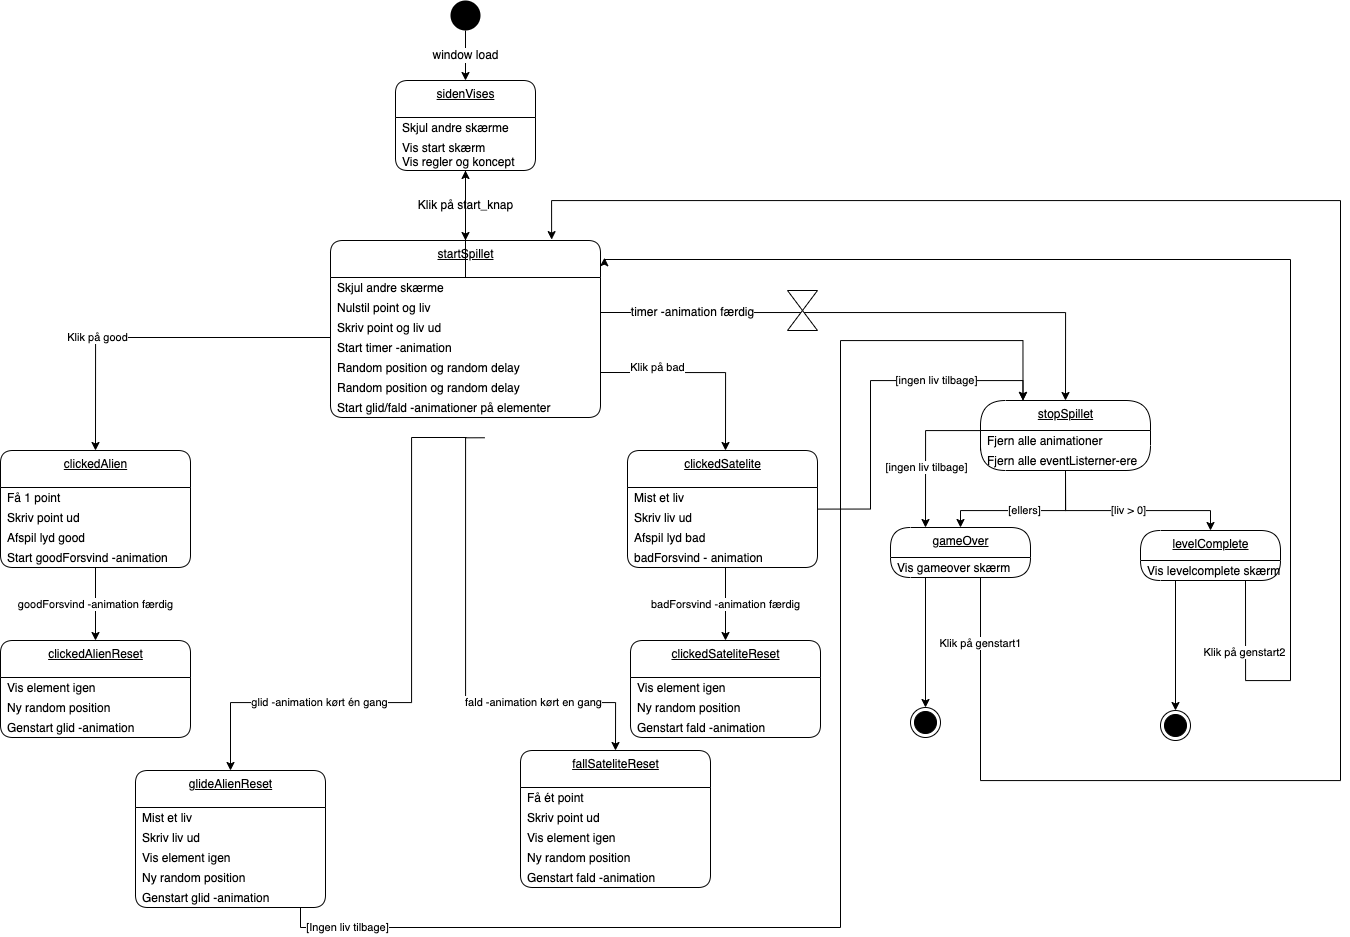

The diagram above was exported from draw.io. Its source (the exported page's mxGraphModel, read from the mxfile embedded in the PNG):
<mxGraphModel dx="1600" dy="1115" grid="1" gridSize="10" guides="1" tooltips="1" connect="1" arrows="1" fold="1" page="1" pageScale="1" pageWidth="827" pageHeight="1169" math="0" shadow="0">
  <root>
    <mxCell id="0" />
    <mxCell id="1" parent="0" />
    <mxCell id="23" value="&lt;span style=&quot;font-size: 12px&quot;&gt;window load&lt;/span&gt;" style="edgeStyle=orthogonalEdgeStyle;rounded=0;orthogonalLoop=1;jettySize=auto;html=1;exitX=0.5;exitY=1;exitDx=0;exitDy=0;entryX=0.5;entryY=0;entryDx=0;entryDy=0;" parent="1" source="2" target="63" edge="1">
      <mxGeometry relative="1" as="geometry">
        <mxPoint x="260" y="80" as="targetPoint" />
      </mxGeometry>
    </mxCell>
    <mxCell id="2" value="" style="ellipse;fillColor=#000000;strokeColor=none;" parent="1" vertex="1">
      <mxGeometry x="460" width="30" height="30" as="geometry" />
    </mxCell>
    <mxCell id="25" value="startSpillet" style="swimlane;fontStyle=4;align=center;verticalAlign=top;childLayout=stackLayout;horizontal=1;startSize=37;horizontalStack=0;resizeParent=1;resizeParentMax=0;resizeLast=0;collapsible=0;marginBottom=0;html=1;rounded=1;absoluteArcSize=1;arcSize=25;" parent="1" vertex="1">
      <mxGeometry x="340" y="240" width="270" height="177" as="geometry" />
    </mxCell>
    <mxCell id="26" value="Skjul andre skærme" style="fillColor=none;strokeColor=none;align=left;verticalAlign=middle;spacingLeft=5;" parent="25" vertex="1">
      <mxGeometry y="37" width="270" height="20" as="geometry" />
    </mxCell>
    <mxCell id="46" value="Nulstil point og liv" style="fillColor=none;strokeColor=none;align=left;verticalAlign=middle;spacingLeft=5;" parent="25" vertex="1">
      <mxGeometry y="57" width="270" height="20" as="geometry" />
    </mxCell>
    <mxCell id="47" value="Skriv point og liv ud" style="fillColor=none;strokeColor=none;align=left;verticalAlign=middle;spacingLeft=5;" parent="25" vertex="1">
      <mxGeometry y="77" width="270" height="20" as="geometry" />
    </mxCell>
    <mxCell id="49" value="Start timer -animation" style="fillColor=none;strokeColor=none;align=left;verticalAlign=middle;spacingLeft=5;" parent="25" vertex="1">
      <mxGeometry y="97" width="270" height="20" as="geometry" />
    </mxCell>
    <mxCell id="50" value="Random position og random delay" style="fillColor=none;strokeColor=none;align=left;verticalAlign=middle;spacingLeft=5;" parent="25" vertex="1">
      <mxGeometry y="117" width="270" height="20" as="geometry" />
    </mxCell>
    <mxCell id="51" value="Random position og random delay" style="fillColor=none;strokeColor=none;align=left;verticalAlign=middle;spacingLeft=5;" parent="25" vertex="1">
      <mxGeometry y="137" width="270" height="20" as="geometry" />
    </mxCell>
    <mxCell id="52" value="Start glid/fald -animationer på elementer" style="fillColor=none;strokeColor=none;align=left;verticalAlign=middle;spacingLeft=5;" parent="25" vertex="1">
      <mxGeometry y="157" width="270" height="20" as="geometry" />
    </mxCell>
    <mxCell id="53" value="&lt;span style=&quot;font-size: 12px&quot;&gt;Klik på start_knap&lt;/span&gt;" style="edgeStyle=orthogonalEdgeStyle;rounded=0;orthogonalLoop=1;jettySize=auto;html=1;exitX=0.5;exitY=1;exitDx=0;exitDy=0;entryX=0.5;entryY=0;entryDx=0;entryDy=0;" parent="1" source="65" target="25" edge="1">
      <mxGeometry relative="1" as="geometry">
        <mxPoint x="260" y="157" as="sourcePoint" />
      </mxGeometry>
    </mxCell>
    <mxCell id="55" value="clickedAlien" style="swimlane;fontStyle=4;align=center;verticalAlign=top;childLayout=stackLayout;horizontal=1;startSize=37;horizontalStack=0;resizeParent=1;resizeParentMax=0;resizeLast=0;collapsible=0;marginBottom=0;html=1;rounded=1;absoluteArcSize=1;arcSize=25;" parent="1" vertex="1">
      <mxGeometry x="10" y="450" width="190" height="117" as="geometry" />
    </mxCell>
    <mxCell id="56" value="Få 1 point" style="fillColor=none;strokeColor=none;align=left;verticalAlign=middle;spacingLeft=5;" parent="55" vertex="1">
      <mxGeometry y="37" width="190" height="20" as="geometry" />
    </mxCell>
    <mxCell id="57" value="Skriv point ud" style="fillColor=none;strokeColor=none;align=left;verticalAlign=middle;spacingLeft=5;" parent="55" vertex="1">
      <mxGeometry y="57" width="190" height="20" as="geometry" />
    </mxCell>
    <mxCell id="131" value="Afspil lyd good" style="fillColor=none;strokeColor=none;align=left;verticalAlign=middle;spacingLeft=5;" parent="55" vertex="1">
      <mxGeometry y="77" width="190" height="20" as="geometry" />
    </mxCell>
    <mxCell id="58" value="Start goodForsvind -animation" style="fillColor=none;strokeColor=none;align=left;verticalAlign=middle;spacingLeft=5;" parent="55" vertex="1">
      <mxGeometry y="97" width="190" height="20" as="geometry" />
    </mxCell>
    <mxCell id="63" value="sidenVises" style="swimlane;fontStyle=4;align=center;verticalAlign=top;childLayout=stackLayout;horizontal=1;startSize=37;horizontalStack=0;resizeParent=1;resizeParentMax=0;resizeLast=0;collapsible=0;marginBottom=0;html=1;rounded=1;absoluteArcSize=1;arcSize=25;" parent="1" vertex="1">
      <mxGeometry x="405" y="80" width="140" height="90" as="geometry" />
    </mxCell>
    <mxCell id="64" value="Skjul andre skærme" style="fillColor=none;strokeColor=none;align=left;verticalAlign=middle;spacingLeft=5;" parent="63" vertex="1">
      <mxGeometry y="37" width="140" height="20" as="geometry" />
    </mxCell>
    <mxCell id="65" value="Vis start skærm&#10;Vis regler og koncept" style="fillColor=none;strokeColor=none;align=left;verticalAlign=middle;spacingLeft=5;" parent="63" vertex="1">
      <mxGeometry y="57" width="140" height="33" as="geometry" />
    </mxCell>
    <mxCell id="68" value="clickedAlienReset" style="swimlane;fontStyle=4;align=center;verticalAlign=top;childLayout=stackLayout;horizontal=1;startSize=37;horizontalStack=0;resizeParent=1;resizeParentMax=0;resizeLast=0;collapsible=0;marginBottom=0;html=1;rounded=1;absoluteArcSize=1;arcSize=25;" parent="1" vertex="1">
      <mxGeometry x="10" y="640" width="190" height="97" as="geometry" />
    </mxCell>
    <mxCell id="69" value="Vis element igen" style="fillColor=none;strokeColor=none;align=left;verticalAlign=middle;spacingLeft=5;" parent="68" vertex="1">
      <mxGeometry y="37" width="190" height="20" as="geometry" />
    </mxCell>
    <mxCell id="70" value="Ny random position" style="fillColor=none;strokeColor=none;align=left;verticalAlign=middle;spacingLeft=5;" parent="68" vertex="1">
      <mxGeometry y="57" width="190" height="20" as="geometry" />
    </mxCell>
    <mxCell id="71" value="Genstart glid -animation" style="fillColor=none;strokeColor=none;align=left;verticalAlign=middle;spacingLeft=5;" parent="68" vertex="1">
      <mxGeometry y="77" width="190" height="20" as="geometry" />
    </mxCell>
    <mxCell id="72" value="goodForsvind -animation færdig" style="edgeStyle=orthogonalEdgeStyle;rounded=0;orthogonalLoop=1;jettySize=auto;html=1;exitX=0.5;exitY=1;exitDx=0;exitDy=0;entryX=0.5;entryY=0;entryDx=0;entryDy=0;" parent="1" source="58" target="68" edge="1">
      <mxGeometry relative="1" as="geometry" />
    </mxCell>
    <mxCell id="73" value="Klik på good" style="edgeStyle=orthogonalEdgeStyle;rounded=0;orthogonalLoop=1;jettySize=auto;html=1;exitX=0;exitY=0;exitDx=0;exitDy=0;entryX=0.5;entryY=0;entryDx=0;entryDy=0;" parent="1" target="55" edge="1">
      <mxGeometry x="0.3336" relative="1" as="geometry">
        <mxPoint x="-1" as="offset" />
        <mxPoint x="340" y="337" as="sourcePoint" />
      </mxGeometry>
    </mxCell>
    <mxCell id="74" value="glid&amp;nbsp;-animation kørt én gang" style="edgeStyle=orthogonalEdgeStyle;rounded=0;orthogonalLoop=1;jettySize=auto;html=1;exitX=0.5;exitY=1;exitDx=0;exitDy=0;entryX=0.5;entryY=0;entryDx=0;entryDy=0;" parent="1" target="110" edge="1">
      <mxGeometry x="0.4446" relative="1" as="geometry">
        <mxPoint x="476" y="437" as="sourcePoint" />
        <mxPoint x="271" y="770" as="targetPoint" />
        <Array as="points">
          <mxPoint x="421" y="437" />
          <mxPoint x="421" y="702" />
          <mxPoint x="240" y="702" />
        </Array>
        <mxPoint x="-1" as="offset" />
      </mxGeometry>
    </mxCell>
    <mxCell id="120" value="[ingen liv tilbage]" style="edgeStyle=orthogonalEdgeStyle;rounded=0;orthogonalLoop=1;jettySize=auto;html=1;exitX=0.999;exitY=0.08;exitDx=0;exitDy=0;entryX=0.25;entryY=0;entryDx=0;entryDy=0;exitPerimeter=0;" parent="1" source="142" target="88" edge="1">
      <mxGeometry x="0.3933" relative="1" as="geometry">
        <Array as="points">
          <mxPoint x="880" y="509" />
          <mxPoint x="880" y="380" />
          <mxPoint x="1033" y="380" />
        </Array>
        <mxPoint x="1" as="offset" />
        <mxPoint x="830" y="508.5" as="sourcePoint" />
      </mxGeometry>
    </mxCell>
    <mxCell id="79" value="clickedSateliteReset" style="swimlane;fontStyle=4;align=center;verticalAlign=top;childLayout=stackLayout;horizontal=1;startSize=37;horizontalStack=0;resizeParent=1;resizeParentMax=0;resizeLast=0;collapsible=0;marginBottom=0;html=1;rounded=1;absoluteArcSize=1;arcSize=25;" parent="1" vertex="1">
      <mxGeometry x="640" y="640" width="190" height="97" as="geometry" />
    </mxCell>
    <mxCell id="80" value="Vis element igen" style="fillColor=none;strokeColor=none;align=left;verticalAlign=middle;spacingLeft=5;" parent="79" vertex="1">
      <mxGeometry y="37" width="190" height="20" as="geometry" />
    </mxCell>
    <mxCell id="81" value="Ny random position" style="fillColor=none;strokeColor=none;align=left;verticalAlign=middle;spacingLeft=5;" parent="79" vertex="1">
      <mxGeometry y="57" width="190" height="20" as="geometry" />
    </mxCell>
    <mxCell id="82" value="Genstart fald -animation" style="fillColor=none;strokeColor=none;align=left;verticalAlign=middle;spacingLeft=5;" parent="79" vertex="1">
      <mxGeometry y="77" width="190" height="20" as="geometry" />
    </mxCell>
    <mxCell id="83" value="badForsvind -animation færdig" style="edgeStyle=orthogonalEdgeStyle;rounded=0;orthogonalLoop=1;jettySize=auto;html=1;exitX=0.5;exitY=1;exitDx=0;exitDy=0;entryX=0.5;entryY=0;entryDx=0;entryDy=0;" parent="1" target="79" edge="1">
      <mxGeometry relative="1" as="geometry">
        <mxPoint x="735" y="567" as="sourcePoint" />
      </mxGeometry>
    </mxCell>
    <mxCell id="84" value="Klik på bad" style="edgeStyle=orthogonalEdgeStyle;rounded=0;orthogonalLoop=1;jettySize=auto;html=1;exitX=1;exitY=0.75;exitDx=0;exitDy=0;entryX=0.5;entryY=0;entryDx=0;entryDy=0;" parent="1" source="50" edge="1">
      <mxGeometry x="-0.4366" y="5" relative="1" as="geometry">
        <mxPoint as="offset" />
        <mxPoint x="735" y="450" as="targetPoint" />
      </mxGeometry>
    </mxCell>
    <mxCell id="85" value="fald -animation kørt en gang" style="edgeStyle=orthogonalEdgeStyle;rounded=0;orthogonalLoop=1;jettySize=auto;html=1;exitX=0.571;exitY=1.013;exitDx=0;exitDy=0;entryX=0.5;entryY=0;entryDx=0;entryDy=0;exitPerimeter=0;" parent="1" target="122" edge="1">
      <mxGeometry x="0.4583" relative="1" as="geometry">
        <mxPoint x="494.1700000000001" y="437.26" as="sourcePoint" />
        <mxPoint x="640" y="702" as="targetPoint" />
        <Array as="points">
          <mxPoint x="475" y="437" />
          <mxPoint x="475" y="702" />
          <mxPoint x="625" y="702" />
        </Array>
        <mxPoint x="1" as="offset" />
      </mxGeometry>
    </mxCell>
    <mxCell id="87" value="&lt;span style=&quot;font-size: 12px&quot;&gt;timer -animation færdig&lt;/span&gt;" style="edgeStyle=orthogonalEdgeStyle;rounded=0;orthogonalLoop=1;jettySize=auto;html=1;entryX=0.5;entryY=0;entryDx=0;entryDy=0;exitX=1;exitY=0.75;exitDx=0;exitDy=0;" parent="1" source="46" target="88" edge="1">
      <mxGeometry x="-0.6654" relative="1" as="geometry">
        <mxPoint x="740.0000000000002" y="120" as="sourcePoint" />
        <mxPoint x="765" y="87" as="targetPoint" />
        <mxPoint as="offset" />
      </mxGeometry>
    </mxCell>
    <mxCell id="88" value="stopSpillet" style="swimlane;fontStyle=4;align=center;verticalAlign=top;childLayout=stackLayout;horizontal=1;startSize=30;horizontalStack=0;resizeParent=1;resizeParentMax=0;resizeLast=0;collapsible=0;marginBottom=0;html=1;rounded=1;absoluteArcSize=1;arcSize=50;" parent="1" vertex="1">
      <mxGeometry x="990" y="400" width="170" height="70" as="geometry" />
    </mxCell>
    <mxCell id="89" value="Fjern alle animationer" style="fillColor=none;strokeColor=none;align=left;verticalAlign=middle;spacingLeft=5;" parent="88" vertex="1">
      <mxGeometry y="30" width="170" height="20" as="geometry" />
    </mxCell>
    <mxCell id="90" value="Fjern alle eventListerner-ere" style="fillColor=none;strokeColor=none;align=left;verticalAlign=middle;spacingLeft=5;" parent="88" vertex="1">
      <mxGeometry y="50" width="170" height="20" as="geometry" />
    </mxCell>
    <mxCell id="91" value="[liv &amp;gt; 0]" style="edgeStyle=orthogonalEdgeStyle;rounded=0;orthogonalLoop=1;jettySize=auto;html=1;exitX=0.5;exitY=1;exitDx=0;exitDy=0;entryX=0.5;entryY=0;entryDx=0;entryDy=0;" parent="1" source="90" target="92" edge="1">
      <mxGeometry relative="1" as="geometry">
        <mxPoint x="1060" y="520" as="targetPoint" />
        <Array as="points">
          <mxPoint x="1075" y="510" />
          <mxPoint x="1220" y="510" />
        </Array>
      </mxGeometry>
    </mxCell>
    <mxCell id="92" value="levelComplete" style="swimlane;fontStyle=4;align=center;verticalAlign=top;childLayout=stackLayout;horizontal=1;startSize=30;horizontalStack=0;resizeParent=1;resizeParentMax=0;resizeLast=0;collapsible=0;marginBottom=0;html=1;rounded=1;absoluteArcSize=1;arcSize=92;" parent="1" vertex="1">
      <mxGeometry x="1150" y="530" width="140" height="50" as="geometry" />
    </mxCell>
    <mxCell id="93" value="Vis levelcomplete skærm" style="fillColor=none;strokeColor=none;align=left;verticalAlign=middle;spacingLeft=5;" parent="92" vertex="1">
      <mxGeometry y="30" width="140" height="20" as="geometry" />
    </mxCell>
    <mxCell id="94" style="edgeStyle=orthogonalEdgeStyle;rounded=0;orthogonalLoop=1;jettySize=auto;html=1;exitX=0.25;exitY=1;exitDx=0;exitDy=0;entryX=0.5;entryY=0;entryDx=0;entryDy=0;" parent="1" source="93" target="102" edge="1">
      <mxGeometry relative="1" as="geometry">
        <mxPoint x="1185" y="620" as="targetPoint" />
      </mxGeometry>
    </mxCell>
    <mxCell id="95" value="gameOver" style="swimlane;fontStyle=4;align=center;verticalAlign=top;childLayout=stackLayout;horizontal=1;startSize=30;horizontalStack=0;resizeParent=1;resizeParentMax=0;resizeLast=0;collapsible=0;marginBottom=0;html=1;rounded=1;absoluteArcSize=1;arcSize=92;" parent="1" vertex="1">
      <mxGeometry x="900" y="527" width="140" height="50" as="geometry" />
    </mxCell>
    <mxCell id="96" value="Vis gameover skærm" style="fillColor=none;strokeColor=none;align=left;verticalAlign=middle;spacingLeft=5;" parent="95" vertex="1">
      <mxGeometry y="30" width="140" height="20" as="geometry" />
    </mxCell>
    <mxCell id="98" value="[ellers]" style="edgeStyle=orthogonalEdgeStyle;rounded=0;orthogonalLoop=1;jettySize=auto;html=1;exitX=0.5;exitY=1;exitDx=0;exitDy=0;entryX=0.5;entryY=0;entryDx=0;entryDy=0;" parent="1" source="90" target="95" edge="1">
      <mxGeometry relative="1" as="geometry">
        <mxPoint x="974" y="530" as="targetPoint" />
        <Array as="points">
          <mxPoint x="1075" y="510" />
          <mxPoint x="970" y="510" />
        </Array>
      </mxGeometry>
    </mxCell>
    <mxCell id="99" style="edgeStyle=orthogonalEdgeStyle;rounded=0;orthogonalLoop=1;jettySize=auto;html=1;exitX=0;exitY=0;exitDx=0;exitDy=0;entryX=0.25;entryY=0;entryDx=0;entryDy=0;" parent="1" source="90" target="95" edge="1">
      <mxGeometry relative="1" as="geometry">
        <mxPoint x="939" y="530" as="targetPoint" />
      </mxGeometry>
    </mxCell>
    <mxCell id="100" value="[ingen liv tilbage]" style="edgeLabel;html=1;align=center;verticalAlign=middle;resizable=0;points=[];" parent="99" vertex="1" connectable="0">
      <mxGeometry x="0.2849" relative="1" as="geometry">
        <mxPoint as="offset" />
      </mxGeometry>
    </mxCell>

^^^^^^^^^^^^^^^^

List every line above containing the word "targetPoint".

        <mxPoint x="260" y="80" as="targetPoint" />
        <mxPoint x="271" y="770" as="targetPoint" />
        <mxPoint x="735" y="450" as="targetPoint" />
        <mxPoint x="640" y="702" as="targetPoint" />
        <mxPoint x="765" y="87" as="targetPoint" />
        <mxPoint x="1060" y="520" as="targetPoint" />
        <mxPoint x="1185" y="620" as="targetPoint" />
        <mxPoint x="974" y="530" as="targetPoint" />
        <mxPoint x="939" y="530" as="targetPoint" />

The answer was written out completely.